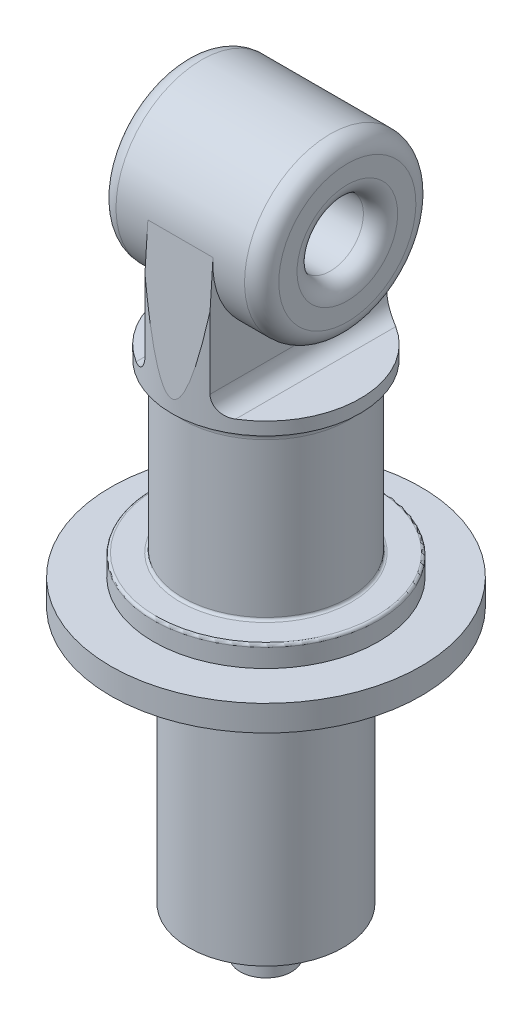
ISO-10303-21;
HEADER;
FILE_DESCRIPTION(('STEP AP214'),'2;1');
FILE_NAME('part.step','',(''),(''),'','','');
FILE_SCHEMA(('AUTOMOTIVE_DESIGN { 1 0 10303 214 1 1 1 1 }'));
ENDSEC;
DATA;
#1=APPLICATION_CONTEXT('core data for automotive mechanical design processes');
#2=APPLICATION_PROTOCOL_DEFINITION('international standard','automotive_design',2000,#1);
#3=PRODUCT_CONTEXT('',#1,'mechanical');
#4=PRODUCT('Part','Part','',(#3));
#5=PRODUCT_RELATED_PRODUCT_CATEGORY('part','',(#4));
#6=PRODUCT_DEFINITION_FORMATION('','',#4);
#7=PRODUCT_DEFINITION_CONTEXT('part definition',#1,'design');
#8=PRODUCT_DEFINITION('design','',#6,#7);
#9=PRODUCT_DEFINITION_SHAPE('','',#8);
#10=(LENGTH_UNIT() NAMED_UNIT(*) SI_UNIT(.MILLI.,.METRE.));
#11=(NAMED_UNIT(*) PLANE_ANGLE_UNIT() SI_UNIT($,.RADIAN.));
#12=(NAMED_UNIT(*) SI_UNIT($,.STERADIAN.) SOLID_ANGLE_UNIT());
#13=UNCERTAINTY_MEASURE_WITH_UNIT(LENGTH_MEASURE(1.E-05),#10,'distance_accuracy_value','');
#14=(GEOMETRIC_REPRESENTATION_CONTEXT(3) GLOBAL_UNCERTAINTY_ASSIGNED_CONTEXT((#13)) GLOBAL_UNIT_ASSIGNED_CONTEXT((#10,
#11,#12)) REPRESENTATION_CONTEXT('',''));
#15=CARTESIAN_POINT('',(0.,0.,0.));
#16=DIRECTION('',(0.,0.,1.));
#17=DIRECTION('',(1.,0.,0.));
#18=AXIS2_PLACEMENT_3D('',#15,#16,#17);
#19=CARTESIAN_POINT('',(6.35,19.8769042879992,12.6730513018171));
#20=DIRECTION('',(0.,-0.0651105738582061,-0.99787805526119));
#21=DIRECTION('',(0.,0.99787805526119,-0.0651105738582061));
#22=AXIS2_PLACEMENT_3D('',#19,#20,#21);
#23=PLANE('',#22);
#24=DIRECTION('',(0.,-0.99787805526119,0.0651105738582061));
#25=VECTOR('',#24,1.);
#26=CARTESIAN_POINT('',(-4.826,19.8769042879992,12.6730513018171));
#27=LINE('',#26,#25);
#28=CARTESIAN_POINT('',(-4.826,19.8769042879992,12.6730513018171));
#29=VERTEX_POINT('',#28);
#30=CARTESIAN_POINT('',(-4.826,13.1811355705445,13.109943706973));
#31=VERTEX_POINT('',#30);
#32=EDGE_CURVE('E11',#29,#31,#27,.T.);
#33=ORIENTED_EDGE('',*,*,#32,.T.);
#34=CARTESIAN_POINT('',(0.,214.102803983225,0.));
#35=DIRECTION('',(0.,-0.0651105738582061,-0.99787805526119));
#36=DIRECTION('',(0.,-0.99787805526119,0.0651105738582061));
#37=AXIS2_PLACEMENT_3D('',#34,#35,#36);
#38=ELLIPSE('',#37,214.558084381548,13.97);
#39=CARTESIAN_POINT('',(4.826,13.1811355705445,13.109943706973));
#40=VERTEX_POINT('',#39);
#41=EDGE_CURVE('E36',#40,#31,#38,.T.);
#42=ORIENTED_EDGE('',*,*,#41,.F.);
#43=DIRECTION('',(0.,0.99787805526119,-0.0651105738582061));
#44=VECTOR('',#43,1.);
#45=CARTESIAN_POINT('',(4.826,19.8769042879992,12.6730513018171));
#46=LINE('',#45,#44);
#47=CARTESIAN_POINT('',(4.826,19.8769042879992,12.6730513018171));
#48=VERTEX_POINT('',#47);
#49=EDGE_CURVE('E27',#40,#48,#46,.T.);
#50=ORIENTED_EDGE('',*,*,#49,.T.);
#51=DIRECTION('',(-1.,0.,0.));
#52=VECTOR('',#51,1.);
#53=CARTESIAN_POINT('',(4.826,19.8769042879992,12.6730513018171));
#54=LINE('',#53,#52);
#55=EDGE_CURVE('E122',#48,#29,#54,.T.);
#56=ORIENTED_EDGE('',*,*,#55,.T.);
#57=EDGE_LOOP('',(#33,#42,#50,#56));
#58=FACE_BOUND('',#57,.T.);
#59=ADVANCED_FACE('F16',(#58),#23,.F.);
#60=CARTESIAN_POINT('',(6.35,0.,-13.97));
#61=DIRECTION('',(0.,-0.0651105738582063,0.99787805526119));
#62=DIRECTION('',(0.,-0.99787805526119,-0.0651105738582063));
#63=AXIS2_PLACEMENT_3D('',#60,#61,#62);
#64=PLANE('',#63);
#65=DIRECTION('',(0.,-0.99787805526119,-0.0651105738582063));
#66=VECTOR('',#65,1.);
#67=CARTESIAN_POINT('',(4.826,0.,-13.97));
#68=LINE('',#67,#66);
#69=CARTESIAN_POINT('',(4.826,19.8769042879992,-12.6730513018171));
#70=VERTEX_POINT('',#69);
#71=CARTESIAN_POINT('',(4.826,13.1811355705446,-13.109943706973));
#72=VERTEX_POINT('',#71);
#73=EDGE_CURVE('E123',#70,#72,#68,.T.);
#74=ORIENTED_EDGE('',*,*,#73,.T.);
#75=CARTESIAN_POINT('',(0.,214.102803983225,0.));
#76=DIRECTION('',(0.,-0.0651105738582063,0.99787805526119));
#77=DIRECTION('',(0.,-0.99787805526119,-0.0651105738582063));
#78=AXIS2_PLACEMENT_3D('',#75,#76,#77);
#79=ELLIPSE('',#78,214.558084381547,13.97);
#80=CARTESIAN_POINT('',(-4.826,13.1811355705446,-13.109943706973));
#81=VERTEX_POINT('',#80);
#82=EDGE_CURVE('E468',#81,#72,#79,.T.);
#83=ORIENTED_EDGE('',*,*,#82,.F.);
#84=DIRECTION('',(0.,0.99787805526119,0.0651105738582063));
#85=VECTOR('',#84,1.);
#86=CARTESIAN_POINT('',(-4.826,0.,-13.97));
#87=LINE('',#86,#85);
#88=CARTESIAN_POINT('',(-4.826,19.8769042879992,-12.6730513018171));
#89=VERTEX_POINT('',#88);
#90=EDGE_CURVE('E115',#81,#89,#87,.T.);
#91=ORIENTED_EDGE('',*,*,#90,.T.);
#92=DIRECTION('',(-1.,0.,0.));
#93=VECTOR('',#92,1.);
#94=CARTESIAN_POINT('',(4.826,19.8769042879992,-12.6730513018171));
#95=LINE('',#94,#93);
#96=EDGE_CURVE('E132',#70,#89,#95,.T.);
#97=ORIENTED_EDGE('',*,*,#96,.F.);
#98=EDGE_LOOP('',(#74,#83,#91,#97));
#99=FACE_BOUND('',#98,.T.);
#100=ADVANCED_FACE('F235',(#99),#64,.F.);
#101=CARTESIAN_POINT('',(4.826,0.,0.));
#102=DIRECTION('',(-1.,0.,0.));
#103=DIRECTION('',(0.,0.,1.));
#104=AXIS2_PLACEMENT_3D('',#101,#102,#103);
#105=PLANE('',#104);
#106=DIRECTION('',(0.,-1.,0.));
#107=VECTOR('',#106,1.);
#108=CARTESIAN_POINT('',(4.826,15.748,13.109943706973));
#109=LINE('',#108,#107);
#110=CARTESIAN_POINT('',(4.826,2.54,13.109943706973));
#111=VERTEX_POINT('',#110);
#112=EDGE_CURVE('E140',#111,#40,#109,.F.);
#113=ORIENTED_EDGE('',*,*,#112,.F.);
#114=DIRECTION('',(0.,0.,-1.));
#115=VECTOR('',#114,1.);
#116=CARTESIAN_POINT('',(4.826,2.54,-13.109943706973));
#117=LINE('',#116,#115);
#118=CARTESIAN_POINT('',(4.826,2.54,-13.109943706973));
#119=VERTEX_POINT('',#118);
#120=EDGE_CURVE('E113',#111,#119,#117,.T.);
#121=ORIENTED_EDGE('',*,*,#120,.T.);
#122=DIRECTION('',(0.,-1.,0.));
#123=VECTOR('',#122,1.);
#124=CARTESIAN_POINT('',(4.826,15.748,-13.109943706973));
#125=LINE('',#124,#123);
#126=EDGE_CURVE('E91',#72,#119,#125,.T.);
#127=ORIENTED_EDGE('',*,*,#126,.F.);
#128=ORIENTED_EDGE('',*,*,#73,.F.);
#129=CARTESIAN_POINT('',(4.826,19.05,0.));
#130=DIRECTION('',(-1.,0.,0.));
#131=DIRECTION('',(0.,0.,1.));
#132=AXIS2_PLACEMENT_3D('',#129,#130,#131);
#133=CIRCLE('',#132,12.7);
#134=EDGE_CURVE('E100',#48,#70,#133,.F.);
#135=ORIENTED_EDGE('',*,*,#134,.F.);
#136=ORIENTED_EDGE('',*,*,#49,.F.);
#137=EDGE_LOOP('',(#113,#121,#127,#128,#135,#136));
#138=FACE_BOUND('',#137,.T.);
#139=ADVANCED_FACE('F241',(#138),#105,.F.);
#140=CARTESIAN_POINT('',(-4.826,0.,0.));
#141=DIRECTION('',(1.,0.,0.));
#142=DIRECTION('',(0.,0.,-1.));
#143=AXIS2_PLACEMENT_3D('',#140,#141,#142);
#144=PLANE('',#143);
#145=DIRECTION('',(0.,-1.,0.));
#146=VECTOR('',#145,1.);
#147=CARTESIAN_POINT('',(-4.826,15.748,-13.109943706973));
#148=LINE('',#147,#146);
#149=CARTESIAN_POINT('',(-4.826,2.54,-13.109943706973));
#150=VERTEX_POINT('',#149);
#151=EDGE_CURVE('E474',#150,#81,#148,.F.);
#152=ORIENTED_EDGE('',*,*,#151,.F.);
#153=DIRECTION('',(0.,0.,1.));
#154=VECTOR('',#153,1.);
#155=CARTESIAN_POINT('',(-4.826,2.54,13.109943706973));
#156=LINE('',#155,#154);
#157=CARTESIAN_POINT('',(-4.826,2.54,13.109943706973));
#158=VERTEX_POINT('',#157);
#159=EDGE_CURVE('E116',#150,#158,#156,.T.);
#160=ORIENTED_EDGE('',*,*,#159,.T.);
#161=DIRECTION('',(0.,-1.,0.));
#162=VECTOR('',#161,1.);
#163=CARTESIAN_POINT('',(-4.826,15.748,13.109943706973));
#164=LINE('',#163,#162);
#165=EDGE_CURVE('E472',#31,#158,#164,.T.);
#166=ORIENTED_EDGE('',*,*,#165,.F.);
#167=ORIENTED_EDGE('',*,*,#32,.F.);
#168=CARTESIAN_POINT('',(-4.826,19.05,0.));
#169=DIRECTION('',(1.,0.,0.));
#170=DIRECTION('',(0.,0.,-1.));
#171=AXIS2_PLACEMENT_3D('',#168,#169,#170);
#172=CIRCLE('',#171,12.7);
#173=EDGE_CURVE('E118',#29,#89,#172,.T.);
#174=ORIENTED_EDGE('',*,*,#173,.T.);
#175=ORIENTED_EDGE('',*,*,#90,.F.);
#176=EDGE_LOOP('',(#152,#160,#166,#167,#174,#175));
#177=FACE_BOUND('',#176,.T.);
#178=ADVANCED_FACE('F247',(#177),#144,.F.);
#179=CARTESIAN_POINT('',(6.35,19.05,0.));
#180=DIRECTION('',(-1.,0.,0.));
#181=DIRECTION('',(0.,0.,1.));
#182=AXIS2_PLACEMENT_3D('',#179,#180,#181);
#183=CYLINDRICAL_SURFACE('',#182,12.7);
#184=CARTESIAN_POINT('',(-9.525,19.05,0.));
#185=DIRECTION('',(1.,0.,0.));
#186=DIRECTION('',(0.,1.,0.));
#187=AXIS2_PLACEMENT_3D('',#184,#185,#186);
#188=CIRCLE('',#187,12.7);
#189=CARTESIAN_POINT('',(-9.525,31.75,0.));
#190=VERTEX_POINT('',#189);
#191=EDGE_CURVE('E130',#190,#190,#188,.T.);
#192=ORIENTED_EDGE('',*,*,#191,.T.);
#193=EDGE_LOOP('',(#192));
#194=FACE_BOUND('',#193,.T.);
#195=CARTESIAN_POINT('',(9.525,19.05,0.));
#196=DIRECTION('',(-1.,0.,0.));
#197=DIRECTION('',(0.,1.,0.));
#198=AXIS2_PLACEMENT_3D('',#195,#196,#197);
#199=CIRCLE('',#198,12.7);
#200=CARTESIAN_POINT('',(9.525,31.75,0.));
#201=VERTEX_POINT('',#200);
#202=EDGE_CURVE('E309',#201,#201,#199,.T.);
#203=ORIENTED_EDGE('',*,*,#202,.T.);
#204=EDGE_LOOP('',(#203));
#205=FACE_BOUND('',#204,.T.);
#206=ORIENTED_EDGE('',*,*,#96,.T.);
#207=ORIENTED_EDGE('',*,*,#173,.F.);
#208=ORIENTED_EDGE('',*,*,#55,.F.);
#209=ORIENTED_EDGE('',*,*,#134,.T.);
#210=EDGE_LOOP('',(#206,#207,#208,#209));
#211=FACE_BOUND('',#210,.T.);
#212=ADVANCED_FACE('F251',(#194,#205,#211),#183,.T.);
#213=CARTESIAN_POINT('',(0.,15.748,0.));
#214=DIRECTION('',(0.,-1.,0.));
#215=DIRECTION('',(0.,0.,-1.));
#216=AXIS2_PLACEMENT_3D('',#213,#214,#215);
#217=CYLINDRICAL_SURFACE('',#216,13.97);
#218=CARTESIAN_POINT('',(0.,0.,0.));
#219=DIRECTION('',(0.,-1.,0.));
#220=DIRECTION('',(0.,0.,-1.));
#221=AXIS2_PLACEMENT_3D('',#218,#219,#220);
#222=CIRCLE('',#221,13.97);
#223=CARTESIAN_POINT('',(7.366,0.,-11.8702545886767));
#224=VERTEX_POINT('',#223);
#225=CARTESIAN_POINT('',(7.366,0.,11.8702545886767));
#226=VERTEX_POINT('',#225);
#227=EDGE_CURVE('E88',#224,#226,#222,.T.);
#228=ORIENTED_EDGE('',*,*,#227,.T.);
#229=CARTESIAN_POINT('',(7.366,0.,11.8702545886767));
#230=CARTESIAN_POINT('',(7.29181148732094,-1.63932955825946E-06,11.916300052829));
#231=CARTESIAN_POINT('',(7.21716949553526,0.00325129115652927,11.9616469271108));
#232=CARTESIAN_POINT('',(7.06744615251427,0.0164871298823342,12.0507114685733));
#233=CARTESIAN_POINT('',(6.99236453841571,0.0264745854219542,12.0944280138581));
#234=CARTESIAN_POINT('',(6.84191003256335,0.0534764963886179,12.1801769753418));
#235=CARTESIAN_POINT('',(6.76653787238625,0.0705300924146333,12.2221985572028));
#236=CARTESIAN_POINT('',(6.61660420501369,0.111819215576661,12.3040141167367));
#237=CARTESIAN_POINT('',(6.54204253670372,0.136053287229985,12.3438085439125));
#238=CARTESIAN_POINT('',(6.31989402985319,0.22001498158816,12.4598416883741));
#239=CARTESIAN_POINT('',(6.17438820099671,0.290908663737457,12.532421677843));
#240=CARTESIAN_POINT('',(5.89624162372782,0.462024306563565,12.665663474627));
#241=CARTESIAN_POINT('',(5.76356587188866,0.562163291343938,12.7263582003483));
#242=CARTESIAN_POINT('',(5.53193064516208,0.776551636755455,12.8285940357882));
#243=CARTESIAN_POINT('',(5.43084689437194,0.887835690047818,12.8715376612065));
#244=CARTESIAN_POINT('',(5.24861889972273,1.128936193313,12.9469171801795));
#245=CARTESIAN_POINT('',(5.16747934341325,1.25875698872425,12.9793506040563));
#246=CARTESIAN_POINT('',(5.03560164763056,1.52005164610389,13.0310469336872));
#247=CARTESIAN_POINT('',(4.98276059104392,1.6502865298767,13.0512436375013));
#248=CARTESIAN_POINT('',(4.89920541071359,1.91856475649422,13.0828403875511));
#249=CARTESIAN_POINT('',(4.86845407450571,2.05659454277938,13.0942552300735));
#250=CARTESIAN_POINT('',(4.84158336018741,2.25321269836794,13.1041985137456));
#251=CARTESIAN_POINT('',(4.83573940878378,2.31044132738489,13.1063551036091));
#252=CARTESIAN_POINT('',(4.82795210654026,2.42510382660447,13.1092255002388));
#253=CARTESIAN_POINT('',(4.82600228921297,2.48253719763396,13.1099416988912));
#254=CARTESIAN_POINT('',(4.826,2.54,13.109943706973));
#255=B_SPLINE_CURVE_WITH_KNOTS('',3,(#229,#230,#231,#232,#233,#234,#235,#236,#237,#238,#239,
#240,#241,#242,#243,#244,#245,#246,#247,#248,#249,#250,#251,#252,#253,#254),.UNSPECIFIED.,.F.,
.F.,(4,2,2,2,2,2,2,2,2,2,2,2,4),(0.,0.261907698258498,0.523992419696999,0.787548704447545,
1.0510516028336,1.57992982738228,2.1073218391785,2.57380460756582,3.04039691031993,
3.46428077088171,3.88744886898215,4.06002797080371,4.23232025364326),.UNSPECIFIED.);
#256=EDGE_CURVE('E101',#226,#111,#255,.T.);
#257=ORIENTED_EDGE('',*,*,#256,.T.);
#258=ORIENTED_EDGE('',*,*,#112,.T.);
#259=ORIENTED_EDGE('',*,*,#41,.T.);
#260=ORIENTED_EDGE('',*,*,#165,.T.);
#261=CARTESIAN_POINT('',(-4.826,2.54,13.109943706973));
#262=CARTESIAN_POINT('',(-4.82599122508925,2.4722657284341,13.1099429539883));
#263=CARTESIAN_POINT('',(-4.8287092819113,2.4045352187035,13.1089462696935));
#264=CARTESIAN_POINT('',(-4.83953209224296,2.269572453512,13.1049566968555));
#265=CARTESIAN_POINT('',(-4.84763624738624,2.20234014354265,13.1019640300551));
#266=CARTESIAN_POINT('',(-4.86914436895884,2.0689729287174,13.0939855515035));
#267=CARTESIAN_POINT('',(-4.88253848677868,2.00283622118225,13.089003443413));
#268=CARTESIAN_POINT('',(-4.91448073950523,1.87202280655524,13.0770435312841));
#269=CARTESIAN_POINT('',(-4.93302886469556,1.80734609671122,13.070065731008));
#270=CARTESIAN_POINT('',(-4.99617022898312,1.61616505991883,13.0461196989429));
#271=CARTESIAN_POINT('',(-5.04827609041726,1.49241420169571,13.026133227193));
#272=CARTESIAN_POINT('',(-5.17044296387841,1.25591362743398,12.9781237489745));
#273=CARTESIAN_POINT('',(-5.24050593954779,1.14316511638453,12.9500998635607));
#274=CARTESIAN_POINT('',(-5.39716851073837,0.929693044407794,12.8856018546393));
#275=CARTESIAN_POINT('',(-5.48400706411973,0.829182388772133,12.849003763374));
#276=CARTESIAN_POINT('',(-5.67026149077555,0.644401425374744,12.7679026268879));
#277=CARTESIAN_POINT('',(-5.76967681471278,0.560130408691819,12.7233999268959));
#278=CARTESIAN_POINT('',(-5.98328681366751,0.405044096502958,12.6244102384108));
#279=CARTESIAN_POINT('',(-6.09798697841567,0.335186353608236,12.5695172910097));
#280=CARTESIAN_POINT('',(-6.33392416930834,0.215355470671155,12.4522968977487));
#281=CARTESIAN_POINT('',(-6.45516996124936,0.165409786178095,12.3899593397127));
#282=CARTESIAN_POINT('',(-6.70834087985297,0.0827888252805763,12.2548302015695));
#283=CARTESIAN_POINT('',(-6.84046161766104,0.0513786632767545,12.1816298246007));
#284=CARTESIAN_POINT('',(-7.03832202124209,0.0203404086022064,12.0676733945036));
#285=CARTESIAN_POINT('',(-7.10414928773925,0.0126734494028344,12.0290403657894));
#286=CARTESIAN_POINT('',(-7.23542368449797,0.00250660916114053,11.9505394256257));
#287=CARTESIAN_POINT('',(-7.30087098648267,4.17745203811172E-06,11.9106721336364));
#288=CARTESIAN_POINT('',(-7.366,0.,11.8702545886767));
#289=B_SPLINE_CURVE_WITH_KNOTS('',3,(#261,#262,#263,#264,#265,#266,#267,#268,#269,#270,#271,
#272,#273,#274,#275,#276,#277,#278,#279,#280,#281,#282,#283,#284,#285,#286,#287,#288),
.UNSPECIFIED.,.F.,.F.,(4,2,2,2,2,2,2,2,2,2,2,2,2,4),(0.,0.203134367448511,0.406246171541174,
0.6089816005949,0.811716647452572,1.21689925542543,1.62212618975494,2.03361927425091,
2.44509439145793,2.87851869661511,3.3125385747422,3.77351129107891,4.00348864308186,
4.23335238622009),.UNSPECIFIED.);
#290=CARTESIAN_POINT('',(-7.366,0.,11.8702545886767));
#291=VERTEX_POINT('',#290);
#292=EDGE_CURVE('E488',#158,#291,#289,.T.);
#293=ORIENTED_EDGE('',*,*,#292,.T.);
#294=CARTESIAN_POINT('',(0.,0.,0.));
#295=DIRECTION('',(0.,-1.,0.));
#296=DIRECTION('',(0.,0.,-1.));
#297=AXIS2_PLACEMENT_3D('',#294,#295,#296);
#298=CIRCLE('',#297,13.97);
#299=CARTESIAN_POINT('',(-7.366,0.,-11.8702545886767));
#300=VERTEX_POINT('',#299);
#301=EDGE_CURVE('E483',#291,#300,#298,.T.);
#302=ORIENTED_EDGE('',*,*,#301,.T.);
#303=CARTESIAN_POINT('',(-7.366,0.,-11.8702545886767));
#304=CARTESIAN_POINT('',(-7.29181148732094,-1.63932955825946E-06,-11.916300052829));
#305=CARTESIAN_POINT('',(-7.21716949553526,0.00325129115652927,-11.9616469271108));
#306=CARTESIAN_POINT('',(-7.06744615251427,0.0164871298823342,-12.0507114685733));
#307=CARTESIAN_POINT('',(-6.99236453841571,0.0264745854219542,-12.0944280138581));
#308=CARTESIAN_POINT('',(-6.84191003256335,0.0534764963886179,-12.1801769753418));
#309=CARTESIAN_POINT('',(-6.76653787238625,0.0705300924146333,-12.2221985572028));
#310=CARTESIAN_POINT('',(-6.61660420501369,0.111819215576661,-12.3040141167367));
#311=CARTESIAN_POINT('',(-6.54204253670372,0.136053287229985,-12.3438085439125));
#312=CARTESIAN_POINT('',(-6.31989402985319,0.22001498158816,-12.4598416883741));
#313=CARTESIAN_POINT('',(-6.17438820099671,0.290908663737457,-12.532421677843));
#314=CARTESIAN_POINT('',(-5.89624162372782,0.462024306563565,-12.665663474627));
#315=CARTESIAN_POINT('',(-5.76356587188866,0.562163291343938,-12.7263582003483));
#316=CARTESIAN_POINT('',(-5.53193064516208,0.776551636755455,-12.8285940357882));
#317=CARTESIAN_POINT('',(-5.43084689437194,0.887835690047818,-12.8715376612065));
#318=CARTESIAN_POINT('',(-5.24861889972273,1.128936193313,-12.9469171801795));
#319=CARTESIAN_POINT('',(-5.16747934341325,1.25875698872425,-12.9793506040563));
#320=CARTESIAN_POINT('',(-5.03560164763056,1.52005164610389,-13.0310469336872));
#321=CARTESIAN_POINT('',(-4.98276059104392,1.6502865298767,-13.0512436375013));
#322=CARTESIAN_POINT('',(-4.89920541071359,1.91856475649422,-13.0828403875511));
#323=CARTESIAN_POINT('',(-4.86845407450571,2.05659454277938,-13.0942552300735));
#324=CARTESIAN_POINT('',(-4.84158336018741,2.25321269836794,-13.1041985137456));
#325=CARTESIAN_POINT('',(-4.83573940878378,2.31044132738489,-13.1063551036091));
#326=CARTESIAN_POINT('',(-4.82795210654026,2.42510382660447,-13.1092255002388));
#327=CARTESIAN_POINT('',(-4.82600228921297,2.48253719763396,-13.1099416988912));
#328=CARTESIAN_POINT('',(-4.826,2.54,-13.109943706973));
#329=B_SPLINE_CURVE_WITH_KNOTS('',3,(#303,#304,#305,#306,#307,#308,#309,#310,#311,#312,#313,
#314,#315,#316,#317,#318,#319,#320,#321,#322,#323,#324,#325,#326,#327,#328),.UNSPECIFIED.,.F.,
.F.,(4,2,2,2,2,2,2,2,2,2,2,2,4),(0.,0.261907698258498,0.523992419696999,0.787548704447545,
1.0510516028336,1.57992982738228,2.1073218391785,2.57380460756582,3.04039691031993,
3.46428077088171,3.88744886898215,4.06002797080371,4.23232025364326),.UNSPECIFIED.);
#330=EDGE_CURVE('E79',#300,#150,#329,.T.);
#331=ORIENTED_EDGE('',*,*,#330,.T.);
#332=ORIENTED_EDGE('',*,*,#151,.T.);
#333=ORIENTED_EDGE('',*,*,#82,.T.);
#334=ORIENTED_EDGE('',*,*,#126,.T.);
#335=CARTESIAN_POINT('',(4.826,2.54,-13.109943706973));
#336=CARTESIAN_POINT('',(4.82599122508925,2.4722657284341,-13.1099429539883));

....................

## YOUR INSTRUCTIONS
Start at the top of the entries and repeat each line exactly, ending at the line that contains "#40=VERTEX_POINT('',#39);". Pictures are not part of the copy.

## SOLUTION BELOW
ISO-10303-21;
HEADER;
FILE_DESCRIPTION(('STEP AP214'),'2;1');
FILE_NAME('part.step','',(''),(''),'','','');
FILE_SCHEMA(('AUTOMOTIVE_DESIGN { 1 0 10303 214 1 1 1 1 }'));
ENDSEC;
DATA;
#1=APPLICATION_CONTEXT('core data for automotive mechanical design processes');
#2=APPLICATION_PROTOCOL_DEFINITION('international standard','automotive_design',2000,#1);
#3=PRODUCT_CONTEXT('',#1,'mechanical');
#4=PRODUCT('Part','Part','',(#3));
#5=PRODUCT_RELATED_PRODUCT_CATEGORY('part','',(#4));
#6=PRODUCT_DEFINITION_FORMATION('','',#4);
#7=PRODUCT_DEFINITION_CONTEXT('part definition',#1,'design');
#8=PRODUCT_DEFINITION('design','',#6,#7);
#9=PRODUCT_DEFINITION_SHAPE('','',#8);
#10=(LENGTH_UNIT() NAMED_UNIT(*) SI_UNIT(.MILLI.,.METRE.));
#11=(NAMED_UNIT(*) PLANE_ANGLE_UNIT() SI_UNIT($,.RADIAN.));
#12=(NAMED_UNIT(*) SI_UNIT($,.STERADIAN.) SOLID_ANGLE_UNIT());
#13=UNCERTAINTY_MEASURE_WITH_UNIT(LENGTH_MEASURE(1.E-05),#10,'distance_accuracy_value','');
#14=(GEOMETRIC_REPRESENTATION_CONTEXT(3) GLOBAL_UNCERTAINTY_ASSIGNED_CONTEXT((#13)) GLOBAL_UNIT_ASSIGNED_CONTEXT((#10,
#11,#12)) REPRESENTATION_CONTEXT('',''));
#15=CARTESIAN_POINT('',(0.,0.,0.));
#16=DIRECTION('',(0.,0.,1.));
#17=DIRECTION('',(1.,0.,0.));
#18=AXIS2_PLACEMENT_3D('',#15,#16,#17);
#19=CARTESIAN_POINT('',(6.35,19.8769042879992,12.6730513018171));
#20=DIRECTION('',(0.,-0.0651105738582061,-0.99787805526119));
#21=DIRECTION('',(0.,0.99787805526119,-0.0651105738582061));
#22=AXIS2_PLACEMENT_3D('',#19,#20,#21);
#23=PLANE('',#22);
#24=DIRECTION('',(0.,-0.99787805526119,0.0651105738582061));
#25=VECTOR('',#24,1.);
#26=CARTESIAN_POINT('',(-4.826,19.8769042879992,12.6730513018171));
#27=LINE('',#26,#25);
#28=CARTESIAN_POINT('',(-4.826,19.8769042879992,12.6730513018171));
#29=VERTEX_POINT('',#28);
#30=CARTESIAN_POINT('',(-4.826,13.1811355705445,13.109943706973));
#31=VERTEX_POINT('',#30);
#32=EDGE_CURVE('E11',#29,#31,#27,.T.);
#33=ORIENTED_EDGE('',*,*,#32,.T.);
#34=CARTESIAN_POINT('',(0.,214.102803983225,0.));
#35=DIRECTION('',(0.,-0.0651105738582061,-0.99787805526119));
#36=DIRECTION('',(0.,-0.99787805526119,0.0651105738582061));
#37=AXIS2_PLACEMENT_3D('',#34,#35,#36);
#38=ELLIPSE('',#37,214.558084381548,13.97);
#39=CARTESIAN_POINT('',(4.826,13.1811355705445,13.109943706973));
#40=VERTEX_POINT('',#39);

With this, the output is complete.